In the project, I firstly built three cases with different hyper-parameter settings for each kernel type. However, I soon realized that three cases are far from adequate for us to draw any meaningful conclusions. Especially, for Gaussian kernel, which has three editable parameters, carefully change each parameter while keeping other parameters constant is necessary.
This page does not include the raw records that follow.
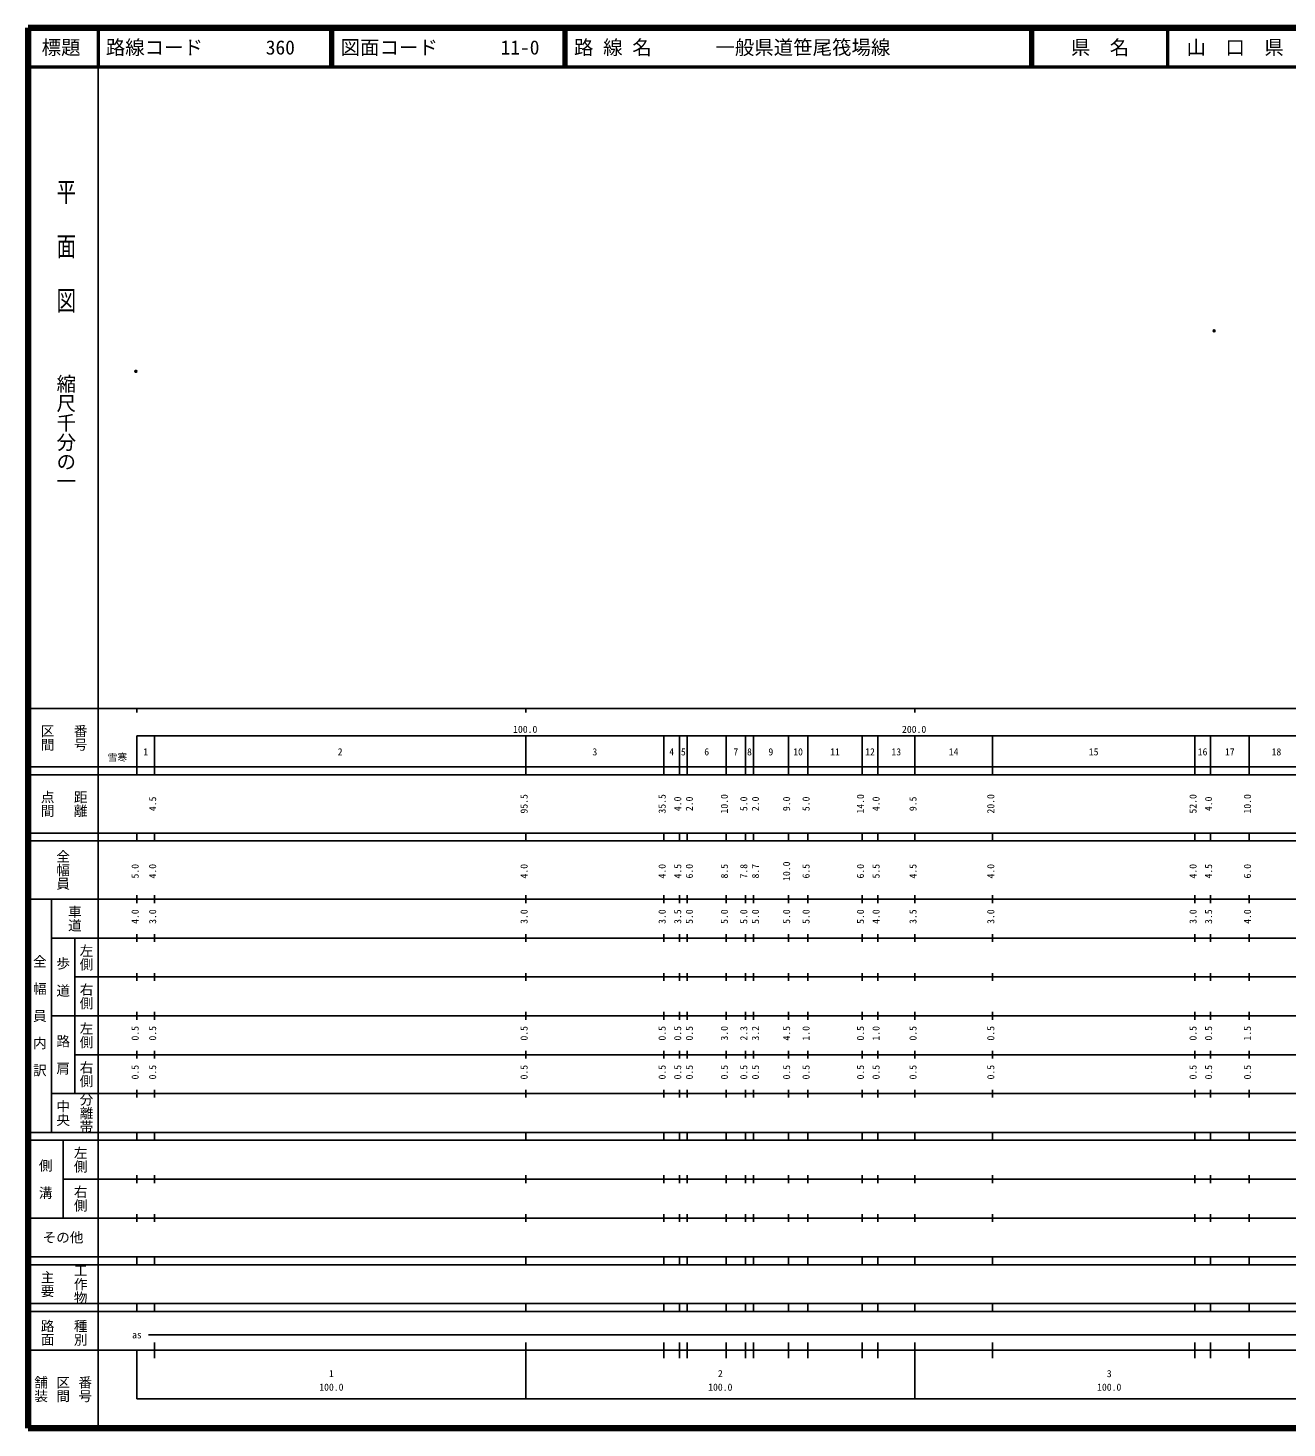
# Model space of a CAD drawing. Units: millimetres on the paper. Extents: x 40 to 680, y 20 to 380.
# Drawn here: x 40 to 363.7, y 20 to 380 of the extents above; entities that cross this region are included whole.
import ezdxf
from ezdxf.enums import TextEntityAlignment as Align

# ---------------------------------------------------------------- set-up
doc = ezdxf.new("R2010")
doc.units = ezdxf.units.MM
doc.header["$PDMODE"] = 32
doc.header["$PDSIZE"] = 0.5
doc.layers.add('M-OTRS', color=6, linetype='Continuous')
doc.layers.add('M-TTL-TXT', color=7, linetype='Continuous')
for name, color, linetype, lineweight in [('M-TTL', 2, 'Continuous', 140), ('M-TTL-BAND', 7, 'Continuous', 25), ('M-TTL-LINE', 7, 'Continuous', 50)]:
    doc.layers.add(name, color=color, linetype=linetype, lineweight=lineweight)
doc.styles.add('@ＭＳ ゴシック', font='')
doc.styles.add('ＭＳ ゴシック', font='')
doc.styles.get('@ＭＳ ゴシック').set_extended_font_data('@MS Gothic')
doc.styles.get('ＭＳ ゴシック').set_extended_font_data('MS Gothic')

msp = doc.modelspace()

# ---------------------------------------------------------------- linework, layer by layer
at = {"layer": 'M-OTRS'}
for p in [(344.96, 302.1), (67.739, 291.713)]:
    msp.add_point(p, dxfattribs=at)
at = {"layer": 'M-TTL'}
for p, q in [((40, 380), (40, 20)), ((680, 380), (40, 380)), ((40, 20), (680, 20))]:
    msp.add_line(p, q, dxfattribs=at)
at = {"layer": 'M-TTL-BAND'}
for p, q in [((58, 370), (58, 20)), ((40, 205), (579, 205)), ((68, 205), (68, 204)), ((168, 205), (168, 204)), ((268, 205), (268, 204)), ((68, 198), (579, 198)), ((68, 198), (68, 188)), ((72.5, 188), (72.5, 198)), ((168, 188), (168, 198)), ((203.5, 188), (203.5, 198)), ((207.5, 188), (207.5, 198)), ((209.5, 188), (209.5, 198)), ((219.5, 188), (219.5, 198)), ((224.5, 188), (224.5, 198)), ((226.5, 188), (226.5, 198)), ((235.5, 188), (235.5, 198)), ((240.5, 188), (240.5, 198)), ((254.5, 188), (254.5, 198)), ((258.5, 188), (258.5, 198)), ((268, 188), (268, 198)), ((288, 188), (288, 198)), ((340, 188), (340, 198)), ((344, 188), (344, 198)), ((354, 188), (354, 198)), ((40, 190), (579, 190)), ((40, 188), (579, 188)), ((40, 173), (579, 173)), ((68, 171), (68, 173)), ((72.5, 171), (72.5, 173)), ((168, 171), (168, 173)), ((203.5, 171), (203.5, 173)), ((207.5, 171), (207.5, 173)), ((209.5, 171), (209.5, 173)), ((219.5, 171), (219.5, 173)), ((224.5, 171), (224.5, 173)), ((226.5, 171), (226.5, 173)), ((235.5, 171), (235.5, 173)), ((240.5, 171), (240.5, 173)), ((254.5, 171), (254.5, 173)), ((258.5, 171), (258.5, 173)), ((268, 171), (268, 173)), ((288, 171), (288, 173)), ((340, 171), (340, 173)), ((344, 171), (344, 173)), ((354, 171), (354, 173)), ((40, 171), (579, 171)), ((40, 156), (579, 156)), ((46, 96), (46, 156)), ((68, 155), (68, 157)), ((72.5, 155), (72.5, 157)), ((168, 155), (168, 157)), ((203.5, 155), (203.5, 157)), ((207.5, 155), (207.5, 157)), ((209.5, 155), (209.5, 157)), ((219.5, 155), (219.5, 157)), ((224.5, 155), (224.5, 157)), ((226.5, 155), (226.5, 157)), ((235.5, 155), (235.5, 157)), ((240.5, 155), (240.5, 157)), ((254.5, 155), (254.5, 157)), ((258.5, 155), (258.5, 157)), ((268, 155), (268, 157)), ((288, 155), (288, 157)), ((340, 155), (340, 157)), ((344, 155), (344, 157)), ((354, 155), (354, 157)), ((46, 146), (579, 146)), ((52, 146), (52, 106)), ((68, 145), (68, 147)), ((72.5, 145), (72.5, 147)), ((168, 145), (168, 147)), ((203.5, 145), (203.5, 147)), ((207.5, 145), (207.5, 147)), ((209.5, 145), (209.5, 147)), ((219.5, 145), (219.5, 147)), ((224.5, 145), (224.5, 147)), ((226.5, 145), (226.5, 147)), ((235.5, 145), (235.5, 147)), ((240.5, 145), (240.5, 147)), ((254.5, 145), (254.5, 147)), ((258.5, 145), (258.5, 147)), ((268, 145), (268, 147)), ((288, 145), (288, 147)), ((340, 145), (340, 147)), ((344, 145), (344, 147)), ((354, 145), (354, 147)), ((68, 135), (68, 137)), ((72.5, 135), (72.5, 137)), ((168, 135), (168, 137)), ((203.5, 135), (203.5, 137)), ((207.5, 135), (207.5, 137)), ((209.5, 135), (209.5, 137)), ((219.5, 135), (219.5, 137)), ((224.5, 135), (224.5, 137)), ((226.5, 135), (226.5, 137)), ((235.5, 135), (235.5, 137)), ((240.5, 135), (240.5, 137)), ((254.5, 135), (254.5, 137)), ((258.5, 135), (258.5, 137)), ((268, 135), (268, 137)), ((288, 135), (288, 137)), ((340, 135), (340, 137)), ((344, 135), (344, 137)), ((354, 135), (354, 137)), ((52, 136), (579, 136)), ((46, 126), (579, 126)), ((68, 125), (68, 127)), ((72.5, 125), (72.5, 127)), ((168, 125), (168, 127)), ((203.5, 125), (203.5, 127)), ((207.5, 125), (207.5, 127)), ((209.5, 125), (209.5, 127)), ((219.5, 125), (219.5, 127)), ((224.5, 125), (224.5, 127)), ((226.5, 125), (226.5, 127)), ((235.5, 125), (235.5, 127)), ((240.5, 125), (240.5, 127)), ((254.5, 125), (254.5, 127)), ((258.5, 125), (258.5, 127)), ((268, 125), (268, 127)), ((288, 125), (288, 127)), ((340, 125), (340, 127)), ((344, 125), (344, 127)), ((354, 125), (354, 127)), ((52, 116), (579, 116)), ((68, 115), (68, 117)), ((72.5, 115), (72.5, 117)), ((168, 115), (168, 117)), ((203.5, 115), (203.5, 117)), ((207.5, 115), (207.5, 117)), ((209.5, 115), (209.5, 117)), ((219.5, 115), (219.5, 117)), ((224.5, 115), (224.5, 117)), ((226.5, 115), (226.5, 117)), ((235.5, 115), (235.5, 117)), ((240.5, 115), (240.5, 117)), ((254.5, 115), (254.5, 117)), ((258.5, 115), (258.5, 117)), ((268, 115), (268, 117)), ((288, 115), (288, 117)), ((340, 115), (340, 117)), ((344, 115), (344, 117)), ((354, 115), (354, 117)), ((46, 106), (579, 106)), ((68, 105), (68, 107)), ((72.5, 105), (72.5, 107)), ((168, 105), (168, 107)), ((203.5, 105), (203.5, 107)), ((207.5, 105), (207.5, 107)), ((209.5, 105), (209.5, 107)), ((219.5, 105), (219.5, 107)), ((224.5, 105), (224.5, 107)), ((226.5, 105), (226.5, 107)), ((235.5, 105), (235.5, 107)), ((240.5, 105), (240.5, 107)), ((254.5, 105), (254.5, 107)), ((258.5, 105), (258.5, 107)), ((268, 105), (268, 107)), ((288, 105), (288, 107)), ((340, 105), (340, 107)), ((344, 105), (344, 107)), ((354, 105), (354, 107)), ((40, 96), (579, 96)), ((40, 94), (579, 94)), ((49, 94), (49, 74)), ((68, 94), (68, 96)), ((72.5, 94), (72.5, 96)), ((168, 94), (168, 96)), ((203.5, 94), (203.5, 96)), ((207.5, 94), (207.5, 96)), ((209.5, 94), (209.5, 96)), ((219.5, 94), (219.5, 96)), ((224.5, 94), (224.5, 96)), ((226.5, 94), (226.5, 96)), ((235.5, 94), (235.5, 96)), ((240.5, 94), (240.5, 96)), ((254.5, 94), (254.5, 96)), ((258.5, 94), (258.5, 96)), ((268, 94), (268, 96)), ((288, 94), (288, 96)), ((340, 94), (340, 96)), ((344, 94), (344, 96)), ((354, 94), (354, 96)), ((49, 84), (579, 84)), ((68, 83), (68, 85)), ((72.5, 83), (72.5, 85)), ((168, 83), (168, 85)), ((203.5, 83), (203.5, 85)), ((207.5, 83), (207.5, 85)), ((209.5, 83), (209.5, 85)), ((219.5, 83), (219.5, 85)), ((224.5, 83), (224.5, 85)), ((226.5, 83), (226.5, 85)), ((235.5, 83), (235.5, 85)), ((240.5, 83), (240.5, 85)), ((254.5, 83), (254.5, 85)), ((258.5, 83), (258.5, 85)), ((268, 83), (268, 85)), ((288, 83), (288, 85)), ((340, 83), (340, 85)), ((344, 83), (344, 85)), ((354, 83), (354, 85)), ((40, 74), (579, 74)), ((68, 73), (68, 75)), ((72.5, 73), (72.5, 75)), ((168, 73), (168, 75)), ((203.5, 73), (203.5, 75)), ((207.5, 73), (207.5, 75)), ((209.5, 73), (209.5, 75)), ((219.5, 73), (219.5, 75)), ((224.5, 73), (224.5, 75)), ((226.5, 73), (226.5, 75)), ((235.5, 73), (235.5, 75)), ((240.5, 73), (240.5, 75)), ((254.5, 73), (254.5, 75)), ((258.5, 73), (258.5, 75)), ((268, 73), (268, 75)), ((288, 73), (288, 75)), ((340, 73), (340, 75)), ((344, 73), (344, 75)), ((354, 73), (354, 75)), ((40, 64), (579, 64)), ((40, 62), (579, 62)), ((68, 62), (68, 64)), ((72.5, 62), (72.5, 64)), ((168, 62), (168, 64)), ((203.5, 62), (203.5, 64)), ((207.5, 62), (207.5, 64)), ((209.5, 62), (209.5, 64)), ((219.5, 62), (219.5, 64)), ((224.5, 62), (224.5, 64)), ((226.5, 62), (226.5, 64)), ((235.5, 62), (235.5, 64)), ((240.5, 62), (240.5, 64)), ((254.5, 62), (254.5, 64)), ((258.5, 62), (258.5, 64)), ((268, 62), (268, 64)), ((288, 62), (288, 64)), ((340, 62), (340, 64)), ((344, 62), (344, 64)), ((354, 62), (354, 64)), ((40, 52), (579, 52)), ((68, 50), (68, 52)), ((72.5, 50), (72.5, 52)), ((168, 50), (168, 52)), ((203.5, 50), (203.5, 52)), ((207.5, 50), (207.5, 52)), ((209.5, 50), (209.5, 52)), ((219.5, 50), (219.5, 52)), ((224.5, 50), (224.5, 52)), ((226.5, 50), (226.5, 52)), ((235.5, 50), (235.5, 52)), ((240.5, 50), (240.5, 52)), ((254.5, 50), (254.5, 52)), ((258.5, 50), (258.5, 52)), ((268, 50), (268, 52)), ((288, 50), (288, 52)), ((340, 50), (340, 52)), ((344, 50), (344, 52)), ((354, 50), (354, 52)), ((40, 50), (579, 50)), ((71, 44), (565, 44)), ((40, 40), (579, 40)), ((68, 40), (68, 27.5)), ((72.5, 38), (72.5, 42)), ((168, 27.5), (168, 42)), ((203.5, 38), (203.5, 42)), ((207.5, 38), (207.5, 42)), ((209.5, 38), (209.5, 42)), ((219.5, 38), (219.5, 42)), ((224.5, 38), (224.5, 42)), ((226.5, 38), (226.5, 42)), ((235.5, 38), (235.5, 42)), ((240.5, 38), (240.5, 42)), ((254.5, 38), (254.5, 42)), ((258.5, 38), (258.5, 42)), ((268, 27.5), (268, 42)), ((288, 38), (288, 42)), ((340, 38), (340, 42)), ((344, 38), (344, 42)), ((354, 38), (354, 42)), ((68, 27.5), (579, 27.5))]:
    msp.add_line(p, q, dxfattribs=at)
at = {"layer": 'M-TTL-LINE'}
for p, q in [((58, 380), (58, 370)), ((117.75, 380), (117.75, 370)), ((118.25, 380), (118.25, 370)), ((177.75, 380), (177.75, 370)), ((178.25, 380), (178.25, 370)), ((297.75, 380), (297.75, 370)), ((298.25, 380), (298.25, 370)), ((333, 380), (333, 370)), ((40, 370), (680, 370))]:
    msp.add_line(p, q, dxfattribs=at)

# ---------------------------------------------------------------- texts
at = {"layer": 'M-TTL-BAND', "style": '@ＭＳ ゴシック', "width": 1.4}
msp.add_text('平  面  図', height=3.666, rotation=270, dxfattribs=at).set_placement((49.777, 306.475), align=Align.MIDDLE_RIGHT)
at = {"layer": 'M-TTL-BAND', "style": '@ＭＳ ゴシック'}
msp.add_text('縮尺千分の一', height=3.666, rotation=270, dxfattribs=at).set_placement((49.777, 261.03), align=Align.MIDDLE_RIGHT)
for s, p in [('区間', (45, 197.5)), ('番号', (53.5, 197.5)), ('点間', (45, 180.5)), ('距離', (53.5, 180.5)), ('全幅員', (49, 163.5)), ('車道', (52, 151)), ('左側', (55, 141)), ('全\u3000幅\u3000員\u3000内\u3000訳', (43, 126)), ('歩\u3000道', (49, 136)), ('右側', (55, 131)), ('左側', (55, 121)), ('路\u3000肩', (49, 116)), ('右側', (55, 111)), ('分離帯', (55, 101)), ('中央', (49, 101)), ('左側', (53.5, 89)), ('側\u3000溝', (44.5, 84)), ('右側', (53.5, 79)), ('工作物', (53.5, 57)), ('主要', (45, 57)), ('路面', (45, 44.5)), ('種別', (53.5, 44.5)), ('舗装', (43.333, 30)), ('区間', (49, 30)), ('番号', (54.667, 30))]:
    msp.add_text(s, height=2.566, rotation=270, dxfattribs=at).set_placement(p, align=Align.MIDDLE_CENTER)
at = {"layer": 'M-TTL-BAND', "style": 'ＭＳ ゴシック'}
for s, p in [('100.0', (167.844, 198.195)), ('200.0', (267.844, 198.195)), ('1', (70.25, 192.405)), ('2', (120.25, 192.405)), ('3', (185.75, 192.405)), ('4', (205.5, 192.405)), ('5', (208.5, 192.405)), ('6', (214.5, 192.405)), ('7', (222, 192.405)), ('8', (225.5, 192.405)), ('9', (231, 192.405)), ('10', (238, 192.405)), ('11', (247.5, 192.405)), ('12', (256.5, 192.405)), ('13', (263.25, 192.405)), ('14', (278, 192.405)), ('15', (314, 192.405)), ('16', (342, 192.405)), ('17', (349, 192.405)), ('18', (361, 192.405)), ('as', (68, 42.5)), ('1', (118, 32.523)), ('2', (218, 32.523)), ('3', (318, 32.523)), ('100.0', (118, 29.033)), ('100.0', (218, 29.033)), ('100.0', (318, 29.033))]:
    msp.add_text(s, height=1.833, dxfattribs=at).set_placement(p, align=Align.BOTTOM_CENTER)
msp.add_text('雪寒', height=1.833, dxfattribs=at).set_placement((65.5, 191), align=Align.BOTTOM_RIGHT)
for s, p in [('4.5', (73.5, 180.5)), ('95.5', (169, 180.5)), ('35.5', (204.5, 180.5)), ('4.0', (208.5, 180.5)), ('2.0', (211.5, 180.5)), ('10.0', (220.5, 180.5)), ('5.0', (225.5, 180.5)), ('2.0', (228.5, 180.5)), ('9.0', (236.5, 180.5)), ('5.0', (241.5, 180.5)), ('14.0', (255.5, 180.5)), ('4.0', (259.5, 180.5)), ('9.5', (269, 180.5)), ('20.0', (289, 180.5)), ('52.0', (341, 180.5)), ('4.0', (345, 180.5)), ('10.0', (355, 180.5)), ('5.0', (69, 163.174)), ('4.0', (73.5, 163.174)), ('4.0', (169, 163.174)), ('4.0', (204.5, 163.174)), ('4.5', (208.5, 163.174)), ('6.0', (211.5, 163.174)), ('8.5', (220.5, 163.174)), ('7.8', (225.5, 163.174)), ('8.7', (228.5, 163.174)), ('10.0', (236.5, 163.174)), ('6.5', (241.5, 163.174)), ('6.0', (255.5, 163.174)), ('5.5', (259.5, 163.174)), ('4.5', (269, 163.174)), ('4.0', (289, 163.174)), ('4.0', (341, 163.174)), ('4.5', (345, 163.174)), ('6.0', (355, 163.174)), ('4.0', (69, 151.5)), ('3.0', (73.5, 151.5)), ('3.0', (169, 151.5)), ('3.0', (204.5, 151.5)), ('3.5', (208.5, 151.5)), ('5.0', (211.5, 151.5)), ('5.0', (220.5, 151.5)), ('5.0', (225.5, 151.5)), ('5.0', (228.5, 151.5)), ('5.0', (236.5, 151.5)), ('5.0', (241.5, 151.5)), ('5.0', (255.5, 151.5)), ('4.0', (259.5, 151.5)), ('3.5', (269, 151.5)), ('3.0', (289, 151.5)), ('3.0', (341, 151.5)), ('3.5', (345, 151.5)), ('4.0', (355, 151.5)), ('0.5', (69, 121.5)), ('0.5', (73.5, 121.5)), ('0.5', (169, 121.5)), ('0.5', (204.5, 121.5)), ('0.5', (208.5, 121.5)), ('0.5', (211.5, 121.5)), ('3.0', (220.5, 121.5)), ('2.3', (225.5, 121.5)), ('3.2', (228.5, 121.5)), ('4.5', (236.5, 121.5)), ('1.0', (241.5, 121.5)), ('0.5', (255.5, 121.5)), ('1.0', (259.5, 121.5)), ('0.5', (269, 121.5)), ('0.5', (289, 121.5)), ('0.5', (341, 121.5)), ('0.5', (345, 121.5)), ('1.5', (355, 121.5)), ('0.5', (69, 111.5)), ('0.5', (73.5, 111.5)), ('0.5', (169, 111.5)), ('0.5', (204.5, 111.5)), ('0.5', (208.5, 111.5)), ('0.5', (211.5, 111.5)), ('0.5', (220.5, 111.5)), ('0.5', (225.5, 111.5)), ('0.5', (228.5, 111.5)), ('0.5', (236.5, 111.5)), ('0.5', (241.5, 111.5)), ('0.5', (255.5, 111.5)), ('0.5', (259.5, 111.5)), ('0.5', (269, 111.5)), ('0.5', (289, 111.5)), ('0.5', (341, 111.5)), ('0.5', (345, 111.5)), ('0.5', (355, 111.5))]:
    msp.add_text(s, height=1.833, rotation=90, dxfattribs=at).set_placement(p, align=Align.BOTTOM_CENTER)
msp.add_text('その他', height=2.566, dxfattribs=at).set_placement((49, 69), align=Align.MIDDLE_CENTER)
at = {"layer": 'M-TTL-TXT', "style": 'ＭＳ ゴシック'}
for s, p in [('標題', (48.5, 375)), ('県\u3000名', (315.625, 375)), ('山\u3000口\u3000県', (350.375, 375))]:
    msp.add_text(s, height=3.666, dxfattribs=at).set_placement(p, align=Align.MIDDLE_CENTER)
for s, p in [('路線コード', (60, 375)), ('360', (101.142, 375)), ('図面コード', (120.38, 375)), ('11-0', (161.521, 375)), ('路 線 名', (180.38, 375)), ('一般県道笹尾筏場線', (216.734, 375))]:
    msp.add_text(s, height=3.666, dxfattribs=at).set_placement(p, align=Align.MIDDLE_LEFT)

doc.saveas('drawing.dxf')

Therefore, I tried much more cases for each kernel with controlled parameters unchanged and tested six hypotheses to see the impact power of each hyper-parameter.

References

[1] “Fit a support vector machine regression model - MATLAB fitrsvm.” https://www.mathworks.com/help/stats/fitrsvm.html (accessed Oct. 20, 2020).

[2] Platt, John, Sequential Minimal Optimization: A Fast Algorithm for Training Support Vector Machines, 1998.

[3] S. Boyd and L. Vandenberghe, Introduction to applied linear algebra: Vectors, matrices, and least squares. Cambridge: Cambridge University Press, 2019.

[4] Numerical Methods for Engineers. New York: McGraw-Hill, 2015.